There are several limitations to our study. Although a strength of HRS data is that participants are a nationally representative sample of American adults, our HRS cohort had low functional impairment and generally well-controlled medical conditions; it is unclear whether our findings may be as relevant for groups with poorer health and/or greater impairment. Also, HRS participants with missing psychological data included a greater proportion of minorities, had less education and lower income status; these characteristics are all associated with lower global control beliefs. Thus, our findings may have been affected by lack of response from minority participants and those with lower socioeconomic status. We rely on self-reported data for medical diagnoses and health events; compared against medical records, self-reported data are biased toward under-reporting of conditions,56,57 whereas self-reports may be more accurate than claims data.58 When patient self-reports are compared with information reported by physicians, there is high concordance for DM and somewhat less for hypertension.59 Additionally, we treated all covariates as time-invariant, although many of these likely changed with time (e.g., ADL, IADL, depressive symptoms, etc.); the retrospective nature and biennial follow-up period of HRS surveys limited our ability to account for changing covariates. Also, given the duration of available follow-up, we had insufficient power for separate assessments of risk for stroke and MI, and we could not examine outcomes over a longer period of time. We conducted exploratory analyses on the combined effects of perceived constraints and health-specific control, but further studies are needed to confirm the importance of such psychological groups. Finally, our study is based on observational data, and there remains the possibility of unmeasured confounders, despite our attempts to adjust for conceptually important factors.

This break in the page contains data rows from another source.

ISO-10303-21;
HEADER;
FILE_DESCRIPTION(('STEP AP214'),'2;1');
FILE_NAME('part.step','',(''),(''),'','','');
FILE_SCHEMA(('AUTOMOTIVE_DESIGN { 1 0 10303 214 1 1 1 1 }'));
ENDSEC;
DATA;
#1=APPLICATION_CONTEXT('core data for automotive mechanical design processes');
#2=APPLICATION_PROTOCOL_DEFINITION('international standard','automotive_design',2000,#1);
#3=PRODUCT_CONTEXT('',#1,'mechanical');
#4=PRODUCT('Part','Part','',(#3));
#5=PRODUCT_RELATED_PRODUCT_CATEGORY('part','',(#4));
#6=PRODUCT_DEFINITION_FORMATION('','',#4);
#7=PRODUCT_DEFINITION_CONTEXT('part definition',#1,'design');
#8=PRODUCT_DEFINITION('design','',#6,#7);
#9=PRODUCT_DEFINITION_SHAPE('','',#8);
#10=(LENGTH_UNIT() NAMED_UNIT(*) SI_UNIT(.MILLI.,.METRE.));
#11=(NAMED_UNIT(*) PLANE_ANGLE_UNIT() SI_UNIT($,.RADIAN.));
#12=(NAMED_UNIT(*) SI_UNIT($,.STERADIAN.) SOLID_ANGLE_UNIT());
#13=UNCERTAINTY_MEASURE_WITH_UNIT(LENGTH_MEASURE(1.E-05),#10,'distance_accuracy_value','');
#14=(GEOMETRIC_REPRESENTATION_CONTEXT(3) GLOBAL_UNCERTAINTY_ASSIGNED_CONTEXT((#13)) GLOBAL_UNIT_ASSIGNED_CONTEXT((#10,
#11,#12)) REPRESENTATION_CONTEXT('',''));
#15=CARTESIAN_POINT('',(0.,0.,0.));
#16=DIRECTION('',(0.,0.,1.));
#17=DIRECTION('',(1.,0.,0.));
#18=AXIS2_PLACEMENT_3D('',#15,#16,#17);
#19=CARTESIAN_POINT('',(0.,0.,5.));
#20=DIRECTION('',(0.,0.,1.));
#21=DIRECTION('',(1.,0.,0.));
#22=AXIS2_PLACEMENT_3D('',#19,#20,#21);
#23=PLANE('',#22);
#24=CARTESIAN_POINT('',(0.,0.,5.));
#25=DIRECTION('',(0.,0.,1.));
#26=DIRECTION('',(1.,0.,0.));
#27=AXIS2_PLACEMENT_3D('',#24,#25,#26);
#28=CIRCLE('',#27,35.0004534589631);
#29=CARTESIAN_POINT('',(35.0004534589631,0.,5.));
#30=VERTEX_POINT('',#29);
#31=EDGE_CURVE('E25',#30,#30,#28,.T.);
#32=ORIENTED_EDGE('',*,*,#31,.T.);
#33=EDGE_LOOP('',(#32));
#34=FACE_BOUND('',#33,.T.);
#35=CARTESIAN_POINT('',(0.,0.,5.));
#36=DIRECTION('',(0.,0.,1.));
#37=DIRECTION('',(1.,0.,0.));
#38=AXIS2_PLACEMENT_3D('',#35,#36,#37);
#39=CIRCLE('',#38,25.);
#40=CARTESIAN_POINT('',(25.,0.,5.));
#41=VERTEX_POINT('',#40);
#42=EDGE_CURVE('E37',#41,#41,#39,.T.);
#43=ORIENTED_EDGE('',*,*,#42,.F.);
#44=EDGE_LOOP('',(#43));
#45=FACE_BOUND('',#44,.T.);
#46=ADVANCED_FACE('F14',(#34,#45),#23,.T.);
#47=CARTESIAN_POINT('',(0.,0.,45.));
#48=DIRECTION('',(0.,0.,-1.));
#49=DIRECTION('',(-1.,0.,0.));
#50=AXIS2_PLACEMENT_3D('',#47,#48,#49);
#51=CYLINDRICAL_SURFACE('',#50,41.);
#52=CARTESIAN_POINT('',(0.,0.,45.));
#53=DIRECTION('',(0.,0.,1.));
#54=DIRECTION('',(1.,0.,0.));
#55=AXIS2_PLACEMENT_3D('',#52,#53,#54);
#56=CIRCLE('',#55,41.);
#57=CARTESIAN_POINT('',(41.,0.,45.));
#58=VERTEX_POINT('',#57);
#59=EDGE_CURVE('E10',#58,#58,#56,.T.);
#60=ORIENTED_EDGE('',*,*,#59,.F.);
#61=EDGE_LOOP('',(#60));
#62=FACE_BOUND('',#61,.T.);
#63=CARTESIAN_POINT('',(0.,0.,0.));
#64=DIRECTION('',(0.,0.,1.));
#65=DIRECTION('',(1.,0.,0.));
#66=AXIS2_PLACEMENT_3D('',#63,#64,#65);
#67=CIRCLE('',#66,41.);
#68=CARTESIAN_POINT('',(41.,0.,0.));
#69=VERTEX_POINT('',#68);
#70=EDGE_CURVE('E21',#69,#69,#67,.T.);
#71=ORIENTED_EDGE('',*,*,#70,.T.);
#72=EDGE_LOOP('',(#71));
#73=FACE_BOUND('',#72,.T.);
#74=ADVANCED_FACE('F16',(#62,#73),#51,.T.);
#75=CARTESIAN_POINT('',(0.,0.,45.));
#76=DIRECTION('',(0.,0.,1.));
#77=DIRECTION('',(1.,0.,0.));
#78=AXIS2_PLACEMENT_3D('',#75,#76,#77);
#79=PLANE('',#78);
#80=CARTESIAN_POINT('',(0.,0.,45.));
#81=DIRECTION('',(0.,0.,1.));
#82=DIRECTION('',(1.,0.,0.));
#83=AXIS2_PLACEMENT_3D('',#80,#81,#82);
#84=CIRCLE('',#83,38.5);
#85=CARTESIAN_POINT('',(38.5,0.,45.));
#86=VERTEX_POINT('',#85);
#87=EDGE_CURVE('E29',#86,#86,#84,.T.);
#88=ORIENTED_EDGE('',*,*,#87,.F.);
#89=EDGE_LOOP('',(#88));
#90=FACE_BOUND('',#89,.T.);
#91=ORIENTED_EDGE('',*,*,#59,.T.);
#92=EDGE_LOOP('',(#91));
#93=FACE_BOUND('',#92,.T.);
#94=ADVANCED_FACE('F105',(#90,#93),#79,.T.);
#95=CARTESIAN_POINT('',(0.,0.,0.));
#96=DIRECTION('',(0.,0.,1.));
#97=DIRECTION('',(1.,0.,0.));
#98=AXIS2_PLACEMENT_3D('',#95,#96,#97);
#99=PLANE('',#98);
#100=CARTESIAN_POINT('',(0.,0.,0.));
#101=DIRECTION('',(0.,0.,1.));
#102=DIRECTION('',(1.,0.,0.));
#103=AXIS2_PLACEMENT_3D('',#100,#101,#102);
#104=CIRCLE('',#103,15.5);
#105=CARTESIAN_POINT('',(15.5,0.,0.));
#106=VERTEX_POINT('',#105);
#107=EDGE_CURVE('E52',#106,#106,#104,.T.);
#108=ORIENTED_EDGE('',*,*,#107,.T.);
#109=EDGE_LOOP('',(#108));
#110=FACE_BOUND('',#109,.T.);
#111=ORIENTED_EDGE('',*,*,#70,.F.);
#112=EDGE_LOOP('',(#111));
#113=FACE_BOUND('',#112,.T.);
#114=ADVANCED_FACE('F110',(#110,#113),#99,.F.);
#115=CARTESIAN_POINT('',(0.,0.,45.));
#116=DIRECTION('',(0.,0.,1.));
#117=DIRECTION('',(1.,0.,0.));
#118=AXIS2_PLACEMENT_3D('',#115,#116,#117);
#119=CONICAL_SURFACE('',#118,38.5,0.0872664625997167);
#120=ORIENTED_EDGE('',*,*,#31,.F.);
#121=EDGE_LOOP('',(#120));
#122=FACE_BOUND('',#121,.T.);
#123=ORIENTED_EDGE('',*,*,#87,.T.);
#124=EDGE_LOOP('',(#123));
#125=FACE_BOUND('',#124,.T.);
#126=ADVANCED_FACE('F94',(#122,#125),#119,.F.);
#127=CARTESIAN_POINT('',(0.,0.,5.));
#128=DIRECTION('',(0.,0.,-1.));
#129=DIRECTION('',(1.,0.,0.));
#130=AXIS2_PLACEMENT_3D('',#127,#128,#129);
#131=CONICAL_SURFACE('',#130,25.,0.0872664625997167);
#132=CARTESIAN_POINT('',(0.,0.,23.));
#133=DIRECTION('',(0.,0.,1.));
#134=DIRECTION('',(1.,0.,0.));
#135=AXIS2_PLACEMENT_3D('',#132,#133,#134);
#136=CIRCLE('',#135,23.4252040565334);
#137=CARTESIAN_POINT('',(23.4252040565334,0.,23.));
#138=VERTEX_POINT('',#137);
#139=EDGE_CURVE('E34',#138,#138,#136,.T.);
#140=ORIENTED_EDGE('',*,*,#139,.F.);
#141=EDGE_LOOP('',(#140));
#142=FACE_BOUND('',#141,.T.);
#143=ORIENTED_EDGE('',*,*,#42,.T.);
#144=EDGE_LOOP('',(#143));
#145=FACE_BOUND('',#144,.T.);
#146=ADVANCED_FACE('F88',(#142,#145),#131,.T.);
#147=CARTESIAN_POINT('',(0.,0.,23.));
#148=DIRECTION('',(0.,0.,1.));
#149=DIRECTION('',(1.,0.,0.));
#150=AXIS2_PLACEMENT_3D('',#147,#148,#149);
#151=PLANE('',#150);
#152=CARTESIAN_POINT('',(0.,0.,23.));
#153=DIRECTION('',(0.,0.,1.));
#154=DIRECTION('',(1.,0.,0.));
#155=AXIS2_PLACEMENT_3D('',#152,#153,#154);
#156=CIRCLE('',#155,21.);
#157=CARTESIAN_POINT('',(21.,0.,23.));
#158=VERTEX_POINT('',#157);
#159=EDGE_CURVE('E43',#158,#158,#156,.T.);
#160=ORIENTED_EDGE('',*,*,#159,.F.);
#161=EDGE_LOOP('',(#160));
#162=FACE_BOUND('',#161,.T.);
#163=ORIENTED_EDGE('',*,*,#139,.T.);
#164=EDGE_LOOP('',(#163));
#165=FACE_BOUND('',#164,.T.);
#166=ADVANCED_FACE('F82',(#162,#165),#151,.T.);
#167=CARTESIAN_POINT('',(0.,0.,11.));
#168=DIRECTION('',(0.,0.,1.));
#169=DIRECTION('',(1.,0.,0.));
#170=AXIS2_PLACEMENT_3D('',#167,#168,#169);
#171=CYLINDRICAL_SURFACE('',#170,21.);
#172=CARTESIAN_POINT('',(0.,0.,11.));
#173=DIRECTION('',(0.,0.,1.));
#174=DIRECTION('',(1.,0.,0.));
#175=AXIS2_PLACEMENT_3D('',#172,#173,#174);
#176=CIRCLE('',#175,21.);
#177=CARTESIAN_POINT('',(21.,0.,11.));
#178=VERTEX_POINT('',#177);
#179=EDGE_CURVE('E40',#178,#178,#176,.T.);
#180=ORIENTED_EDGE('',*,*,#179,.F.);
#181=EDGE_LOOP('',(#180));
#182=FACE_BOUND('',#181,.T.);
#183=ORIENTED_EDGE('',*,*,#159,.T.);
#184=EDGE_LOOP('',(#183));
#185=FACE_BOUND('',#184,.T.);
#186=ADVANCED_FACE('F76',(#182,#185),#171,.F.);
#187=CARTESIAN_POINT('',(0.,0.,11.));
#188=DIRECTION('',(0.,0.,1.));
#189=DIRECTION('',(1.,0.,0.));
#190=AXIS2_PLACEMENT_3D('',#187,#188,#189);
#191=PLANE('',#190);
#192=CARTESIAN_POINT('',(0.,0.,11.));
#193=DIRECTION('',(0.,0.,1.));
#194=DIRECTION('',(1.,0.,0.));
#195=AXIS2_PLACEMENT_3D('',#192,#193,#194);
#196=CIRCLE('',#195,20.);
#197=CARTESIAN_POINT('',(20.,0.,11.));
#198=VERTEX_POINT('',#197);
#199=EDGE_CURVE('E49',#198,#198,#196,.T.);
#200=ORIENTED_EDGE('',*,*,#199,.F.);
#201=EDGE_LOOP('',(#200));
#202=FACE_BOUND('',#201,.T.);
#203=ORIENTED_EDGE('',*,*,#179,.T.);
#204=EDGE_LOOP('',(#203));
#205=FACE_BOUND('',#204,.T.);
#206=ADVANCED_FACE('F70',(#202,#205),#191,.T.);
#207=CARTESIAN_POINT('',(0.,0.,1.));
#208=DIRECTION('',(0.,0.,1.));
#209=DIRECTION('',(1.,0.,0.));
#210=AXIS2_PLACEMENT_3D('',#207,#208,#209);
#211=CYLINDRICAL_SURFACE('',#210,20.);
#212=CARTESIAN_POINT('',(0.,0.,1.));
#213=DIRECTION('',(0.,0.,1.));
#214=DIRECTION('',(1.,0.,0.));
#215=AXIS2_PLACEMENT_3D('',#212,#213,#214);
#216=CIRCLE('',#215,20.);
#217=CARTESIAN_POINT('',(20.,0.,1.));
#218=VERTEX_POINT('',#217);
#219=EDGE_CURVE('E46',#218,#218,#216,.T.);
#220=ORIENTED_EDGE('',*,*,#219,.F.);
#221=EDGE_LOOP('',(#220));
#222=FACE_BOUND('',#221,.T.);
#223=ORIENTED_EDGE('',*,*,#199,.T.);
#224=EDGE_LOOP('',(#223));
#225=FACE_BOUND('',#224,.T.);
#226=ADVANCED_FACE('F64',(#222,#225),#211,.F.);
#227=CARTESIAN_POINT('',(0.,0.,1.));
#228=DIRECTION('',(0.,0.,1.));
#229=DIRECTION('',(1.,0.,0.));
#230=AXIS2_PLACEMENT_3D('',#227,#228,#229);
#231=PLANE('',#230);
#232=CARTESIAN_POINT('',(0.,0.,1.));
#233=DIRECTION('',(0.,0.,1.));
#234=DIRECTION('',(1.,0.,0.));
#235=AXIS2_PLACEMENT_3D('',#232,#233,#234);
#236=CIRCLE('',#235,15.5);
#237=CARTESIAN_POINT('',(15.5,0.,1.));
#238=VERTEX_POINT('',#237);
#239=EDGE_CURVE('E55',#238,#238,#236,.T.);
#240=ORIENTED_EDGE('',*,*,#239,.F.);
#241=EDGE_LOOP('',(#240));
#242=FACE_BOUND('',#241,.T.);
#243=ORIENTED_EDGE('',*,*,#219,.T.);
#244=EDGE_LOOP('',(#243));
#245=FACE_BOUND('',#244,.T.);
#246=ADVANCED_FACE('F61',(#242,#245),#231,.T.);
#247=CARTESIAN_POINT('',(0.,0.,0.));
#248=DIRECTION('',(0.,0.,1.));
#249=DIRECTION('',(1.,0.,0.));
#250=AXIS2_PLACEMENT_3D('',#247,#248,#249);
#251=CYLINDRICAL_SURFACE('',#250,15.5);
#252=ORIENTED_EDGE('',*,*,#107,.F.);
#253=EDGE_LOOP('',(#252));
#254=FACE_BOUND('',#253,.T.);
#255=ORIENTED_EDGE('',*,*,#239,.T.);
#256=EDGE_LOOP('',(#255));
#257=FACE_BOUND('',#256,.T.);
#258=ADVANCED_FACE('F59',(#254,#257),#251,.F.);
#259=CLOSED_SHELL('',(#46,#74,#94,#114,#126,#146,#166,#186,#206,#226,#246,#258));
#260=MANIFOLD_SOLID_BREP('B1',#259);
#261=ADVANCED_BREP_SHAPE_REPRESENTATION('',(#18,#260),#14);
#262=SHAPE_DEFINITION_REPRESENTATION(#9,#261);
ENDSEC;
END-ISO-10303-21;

Despite the above limitations, our study provides support for the relevance of control beliefs for risk of death and major cardiovascular events. More work is needed to determine how control beliefs may impact patient interactions with the health system and individual responses to clinical interventions. Elucidation of the multifactorial effects associated with variation in control beliefs can improve our ability to determine who will most likely benefit from existing resources, as well as help us develop new ways to support those at risk.